Virada a página do governo de direita, virada a página da austeridade, ainda que algumas medidas sejam hoje prolongadas por 2016 adentro pelo parlamento, abre-se um novo capítulo em que a euforia do momento é confrontada com a realidade da governação, do país e do mundo, com o imprevisto, com a negociação do voto favorável das esquerdas e com a oposição das direitas. Com o governo de minoria absoluta dizem estar criadas as condições para a mudança, num primeiro momento por via das reversões, espera-se que depois pela construção de transformações sociais e económicas, dentro da banda larga das regras da disciplina orçamental que resultam do Pacto de Estabilidade e Crescimento, do Tratado Orçamental, do mecanismo europeu de estabilidade e da participação de Portugal na união económica e monetária e na união bancária.
Ainda antes deste novo tempo marcado pela ruptura com as regras e as práticas de décadas de funcionamento do sistema político, importa sublinhar a evidente lástima do embuste da devolução da sobretaxa (em meses de 35,5% a 0%), a inacreditável incompetência do governo de Passos e de Portas na concretização do banco de fomento, que só injectará dinheiro nas empresas e na economia em 2016 (em 5 de Outubro de 2012, quando o PS defendeu a ideia, era já a seguir) e a displicente incapacidade para disponibilizar os fundos comunitários do novo quadro, do Portugal 2020. O veredicto dos portugueses a 4 de Outubro foi a mudança política e a verdade é que a direita foi incompetente a sublinhar a convicção no cumprimento desse mandato. Perpassou a reserva mental, existiu uma forte desconfiança e a ocasião dos números gerou a oportunidade da conversão da derrota em vitória, antes da anunciada reversão da austeridade. O problema é a que o fim da austeridade, como a prosperidade, não se decreta. Foi assim com o “milagre económico” do então ministro Pires de Lima, é assim com todas as proclamações de mudanças repentinas dos apoiantes da nova solução governativa. Só servem para aditivar as expectativas dos cidadãos quando é evidente que o tempo que medeia entre a tomada de posse do governo e a concretização de muitas das reversões anunciadas será de meses, com factores que ninguém controla e com eleições presidenciais pelo meio. A inevitável espera até que algo chegue ao bolso ou à vida do cidadão só pode gerar nervosismo e descontentamento.
Dizem que estão criadas as condições, para 2016 e para a legislatura. Os escritos são mais vagos, mas há já conclusões a tirar.
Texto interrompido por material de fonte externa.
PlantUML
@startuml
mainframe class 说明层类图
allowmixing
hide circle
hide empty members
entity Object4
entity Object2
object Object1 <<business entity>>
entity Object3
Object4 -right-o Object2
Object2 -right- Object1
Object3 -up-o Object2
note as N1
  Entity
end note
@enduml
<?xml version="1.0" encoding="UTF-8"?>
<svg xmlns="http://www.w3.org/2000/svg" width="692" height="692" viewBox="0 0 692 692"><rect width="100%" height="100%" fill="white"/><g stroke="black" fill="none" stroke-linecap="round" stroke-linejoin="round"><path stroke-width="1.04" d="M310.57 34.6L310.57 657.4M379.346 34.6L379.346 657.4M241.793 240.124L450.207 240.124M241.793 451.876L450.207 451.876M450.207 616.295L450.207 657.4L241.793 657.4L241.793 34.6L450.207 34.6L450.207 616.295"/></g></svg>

Fica claro, apesar dos ses, que para o Bloco de Esquerda, para o Partido Comunista Português e para o Partido Ecologista Os Verdes, ao invés do que sempre foi dito, um governo do PS não é farinha do mesmo saco que um governo da direita.
Ficou claro que, depois de apeados do poder, o PSD e o CDS não estarão disponíveis para acorrer ao governo do PS quando surgirem questões não contempladas pelos textos das posições políticas conjuntas ou imprevistos conexos, num momento em que a conjuntura internacional está demasiado volátil.
E também são muito claros os riscos da jogada de acesso ao poder nas actuais circunstâncias. A fragilidade das convergências; a sua não extensão a eleições regionais ou autárquicas – o PS continua a ser o maior partido autárquico; e as cartas marcadas pela direita nas nomeações, no mapeamento dos destinos dos fundos comunitários e na concretização dos negócios de fim de festa. Vivemos um tempo atípico, em que a margem é estreita, a expectativa é grande e o estado de graça inexistente. Talvez por isso, só pode ser o tempo das pessoas e da cidadania. Dizem estar criadas as condições. Que seja para acabar com a cultura de preconceito e de perseguição aos cidadãos que foi induzida pelos responsáveis políticos aos serviços no desespero do aumento da receita. Faz parte da cultura instalada, mas o cidadão contribuinte, aquele a que corresponde um número da Segurança Social ou o que é utente do Serviço Nacional de Saúde não é um criminoso nem pode ser tratado com preconceito, indiferença ou soberba. O Estado é uma emanação do cidadão e quando a democracia representativa tem tantas fragilidades, a relação só pode ser de respeito pelos seus direitos e deveres. O Estado é incompetente com as classificações das e-facturas e não tem de ser o cidadão a suprir essas falhas, a funcionar como agente tributário ou a ser especialista em direito fiscal. Haja dó. E já que há condições, diga-se: basta! Quanto ao resto, mais que crença é uma questão de sorte. Muita sorte, cautelas e caldos de galinha.